The Upside Of Dark Silicon

Analysis: At 20nm there is so much real estate available on SoCs that just figuring out what to do with it is a problem; don’t expect it to last.

popularity

By Ed Sperling
For many years the real challenge in IC design was in shrinking the components and features on a piece of silicon without burning up the chip or destroying signal integrity.

Chipmakers have become quite adept at this over the past few decades. Too good, in fact. Now they are faced with a different kind of problem—what to do with all that extra silicon. Just as the long distance carriers laid too much fiber-optic cabling in the 1990s to be fully utilized—the so-called dark fiber that was never lit up with data traffic—chipmakers are struggling to find a use for all the available real estate that has become available at 28nm and beyond. At that process node, we have entered the realm of dark silicon. Discussions about power and performance continue, but area is often a secondary discussion.

In some respects this is a good problem to have. It makes the design process looser. Things can be added into a chip after the architectural stage, extra margin can be built in, and if there’s enough room on the design problems can even be fixed late in the process.

“There’s a lot more flexibility,” said Kurt Shuler, marketing director at Arteris. “But it still costs money.

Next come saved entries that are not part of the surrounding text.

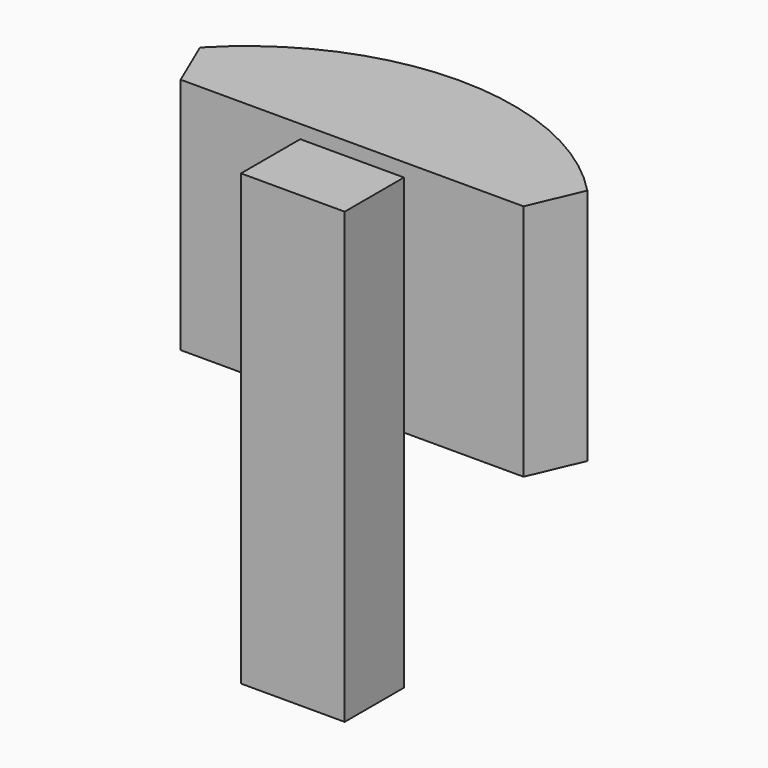
from build123d import *

# Parameters (mm, degrees)
F2_DEPTH    = 11.43
F0_W        = 4.9775806256
F0_H        = 21.5646
F3_DEPTH    = 3.556
F4_T1_DEPTH = 27.2262824301


# Not quite as in the source:
# - a fillet or chamfer that OpenCascade refuses, or shapes differently, is made with other operations: its cross-section is extruded or revolved along the edge and cut away or added


with BuildPart() as f2:
    # F1 (on Top) → F2 (new body)
    with BuildSketch(Plane.XY):
        with BuildLine():
            ThreePointArc((11.1534688622, 0), (0, 6.4792498177), (-11.1534688622, 0))
            Line((-11.1534688622, 0), (11.1534688622, 0))
        make_face()
    extrude(amount=F2_DEPTH)

    # F0 (on Front) → F3 (join)
    with BuildSketch(Plane.XZ):
        Rectangle(F0_W, F0_H)
    extrude(amount=F3_DEPTH)

    # F4: chamfer of 2.54 on 2 edges, made by hand

    # F4_s2 → F4_t1 (cut)
    with BuildSketch(Plane.XY.offset(-7.898141215)):
        with BuildLine():
            Line((-8.190415898, -0.0933816317), (-9.3391430842, 2.5863339915))
            Line((-9.3391430842, 2.5863339915), (-9.3759354233, 2.6213620343))
            ThreePointArc((-9.3759354233, 2.6213620343), (-10.327366328, 1.3537144774), (-11.1975980412, 0.0251645696))
            Line((-11.1975980412, 0.0251645696), (-11.1534688622, -0.0508))
            ThreePointArc((-11.1534688622, -0.0508), (-9.6719423801, -0.0508), (-8.190415898, -0.1441816317))
            Line((-8.190415898, -0.1441816317), (-8.190415898, -0.0933816317))
        make_face()
        with BuildLine():
            Line((8.190415898, -0.0933816317), (9.3391430842, 2.5863339915))
            Line((9.3391430842, 2.5863339915), (9.3759354233, 2.6213620343))
            ThreePointArc((9.3759354233, 2.6213620343), (10.327366328, 1.3537144774), (11.1975980412, 0.0251645696))
            Line((11.1975980412, 0.0251645696), (11.1534688622, -0.0508))
            ThreePointArc((11.1534688622, -0.0508), (9.6719423801, -0.0508), (8.190415898, -0.1441816317))
            Line((8.190415898, -0.1441816317), (8.190415898, -0.0933816317))
        make_face()
    extrude(amount=F4_T1_DEPTH, mode=Mode.SUBTRACT)


solid = f2.part
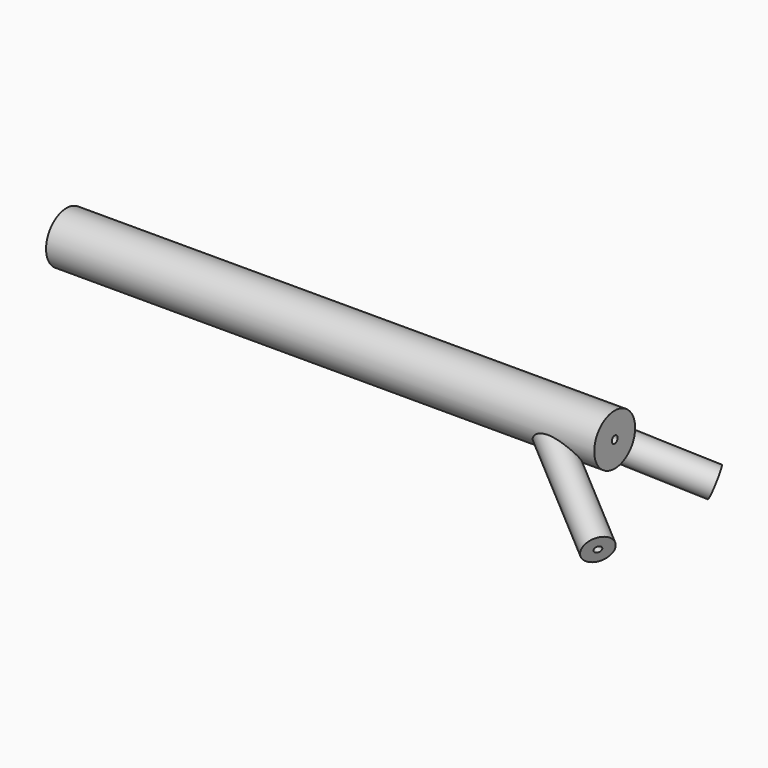
from build123d import *
from build123d import SkipClean  # not in build123d's __all__

# Parameters (mm, degrees)
F0_R      = 7
F1_DEPTH  = 75
F2_R      = 1
F3_DEPTH  = 150.001
F4_R      = 5.5
F4_R_2    = 1
F5_DEPTH  = 8
F6_W      = 0.5
F6_H      = 0.5
F13_R     = 4
F14_DEPTH = 40
F16_R     = 1
F17_DEPTH = 40
F18_R     = 4
F19_DEPTH = 40
F20_R     = 1
F21_DEPTH = 33


with BuildPart() as f1:
    # F0 (on Right) → F1 (new body, symmetric)
    with BuildSketch(Plane.YZ):
        Circle(F0_R)
    extrude(amount=F1_DEPTH, both=True)

    # F2 (on face) → F3 (cut, through all)
    with BuildSketch(Plane(origin=(-75, 0, 0), x_dir=(0, -1, 0), z_dir=(-1, 0, 0))):
        Circle(F2_R)
    extrude(amount=-F3_DEPTH, mode=Mode.SUBTRACT)

    # F4 (on face) → F5 (cut)
    with BuildSketch(Plane(origin=(-75, 0, 0), x_dir=(0, -1, 0), z_dir=(-1, 0, 0))):
        Circle(F4_R)
        Circle(F4_R_2, mode=Mode.SUBTRACT)
    extrude(amount=-F5_DEPTH, mode=Mode.SUBTRACT)

    # F6 (on Top) → F7 (revolve, cut)
    with BuildSketch(Plane.XY):
        with Locations((-66.75, 1.75)):
            Rectangle(F6_W, F6_H)
    revolve(axis=Axis((-60.2624397725, 0, 0), (1, 0, 0)), mode=Mode.SUBTRACT)

    # F13 (on face) → F14 (join)
    with BuildSketch(Plane(origin=(33.8824944498, 21.5843530986, -15.7996666393), x_dir=(-0.4531538935, 0.8660254038, 0.2113091309), z_dir=(0.7848855672, 0.5, -0.3659981508))):
        with Locations((-24.9234641435, 23.2440043957)):
            Circle(F13_R)
    extrude(amount=F14_DEPTH)

    # F16 (on face) → F17 (cut)
    with BuildSketch(Plane(origin=(65.2779171386, 41.5843530986, -30.4395926702), x_dir=(-0.4531538935, 0.8660254038, 0.2113091309), z_dir=(0.7848855672, 0.5, -0.3659981508))):
        with Locations((-24.9234641435, 23.2440043957)):
            Circle(F16_R)
    extrude(amount=-F17_DEPTH, mode=Mode.SUBTRACT)

    # F18 (on face) → F19 (join)
    with BuildSketch(Plane(origin=(33.8824944498, -21.5843530986, -15.7996666393), x_dir=(-0.4531538935, -0.8660254038, 0.2113091309), z_dir=(-0.7848855672, 0.5, 0.3659981508))):
        with Locations((-24.9234641435, 23.2440043957)):
            Circle(F18_R)
    with SkipClean():  # cleaning this boolean's faces spoils the solid; the shape is the same uncleaned
        extrude(amount=-F19_DEPTH)

    # F20 (on face) → F21 (cut)
    with BuildSketch(Plane(origin=(65.2779171386, -41.5843530986, -30.4395926702), x_dir=(0.4531538935, 0.8660254038, -0.2113091309), z_dir=(0.7848855672, -0.5, -0.3659981508))):
        with Locations((24.9234641435, 23.2440043957)):
            Circle(F20_R)
    with SkipClean():  # cleaning this boolean's faces spoils the solid; the shape is the same uncleaned
        extrude(amount=-F21_DEPTH, mode=Mode.SUBTRACT)


solid = f1.part

Every time in the past we have said there is enough area and area is free, we’ve found out it’s not.”

Superchips
So what should be done with all this area, if it’s not just to close up design flaws? One idea that has been utilized by major chipmakers is the superchip concept. Building in all the future possible configurations that are known when a chip is created and making certain pieces of the chip active is one way of reducing the cost of derivative chips.

This is particularly attractive for the network on chip, memory, and IP companies. In the case of NoC technology vendors, creating a flexible network for these different devices is essential. In the case of memory and IP companies, purchases and licenses are dependent on what gets put on a chip and shipped rather than what actually gets used. Some chipmakers have built in complex power-saving techniques, for example, that have been completely ignored by customers. That’s a waste of NRE resources as well as silicon, and in a high-volume production chip it can cost a lot of money. But at the same time it may have little effect on whether the chip actually functions well.

“There have been a lot of advances in SoCs in areas like power management that never get turned on,” said Drew Wingard, CTO at Sonics. “People spend a lot of energy sometimes for no reason. There’s a lot of dark hardware.”

This is particularly true in multi-core and many-core designs because many applications cannot take advantage of multiple cores at once. While more code is being written to take advantage of multiple cores, that isn’t so easy with some applications. As a result, some cores remain unused, usually powered down or completely off.

Some companies are pairing specific applications and functions with specific cores, or virtualizing them to utilize whichever core is available. The example Intel has used for years is one core in the background running malware checks—something that’s particularly interesting now that Intel owns McAfee—so another application’s performance is unaffected.

Industry sources say manufacturers are developing devices that can operate independently for office or home without risk of one infecting the other. Inside of corporations, being able to keep these worlds has become a security nightmare. By keeping these worlds separate and not allowing data to move across a partition it becomes harder for malware to infect a company without a physical way inside such as a USB device.

Physical effects buffers
One of the great advantages of excess silicon involves proximity effects. Power, noise and electromagnetic interference, among others, are exacerbated by feature shrinkage. In a tight space, this can create all sorts of havoc. A noisy SerDes or I/O can disrupt an analog signal.

“There’s also the notion of irregular behavior,” said Jack Harding, chairman and CEO of eSilicon. “We’re seeing thermal inversions where the chip will run faster when it’s hotter and slower when it’s cooler. That’s not intuitive. Physical effects were the theoretical limits, but we’re seeing non-linear behavior of digital CMOS.”

At 100 million gates for an SoC, or 1 billion gates for a digital processor, this is impossible for the human brain comprehend. But simply because of that, less of the chip is actually being programmed. In some cases that means a grossly sub-optimized chip. But in other cases it may mean the difference between getting the chip to work with a reasonable manufacturing yield and one that doesn’t work at all.

The future
While the business side may frown, this has been an almost free ride for the design world. But if this sounds too good to last, it probably is. As stacking of die begins, probably starting late next year, the familiar challenges and proximity effects will surface once again. Just as nature abhors a vacuum, so do semiconductor economics. Free space should be used to maximize performance and minimize power, and with dedicated memories, Wide I/O, heterogeneous cores and greater cache coherency on the horizon, the age of dark silicon could evaporate rather quickly.

There will still be a demand for more flexibility options, more memory—although more of it will likely be off-chip—and more demand for performance at lower power. And there will be a renewed effort to consider more options further up in the architectural planning and modeling stage. For any engineers who have gotten comfortable with the availability of back-wiring and extra room for problem solving, this may have been a brief respite as the industry begins rushing toward a slew of new technologies, new problems, and a renewed focus on better utilization of every last nanometer of silicon.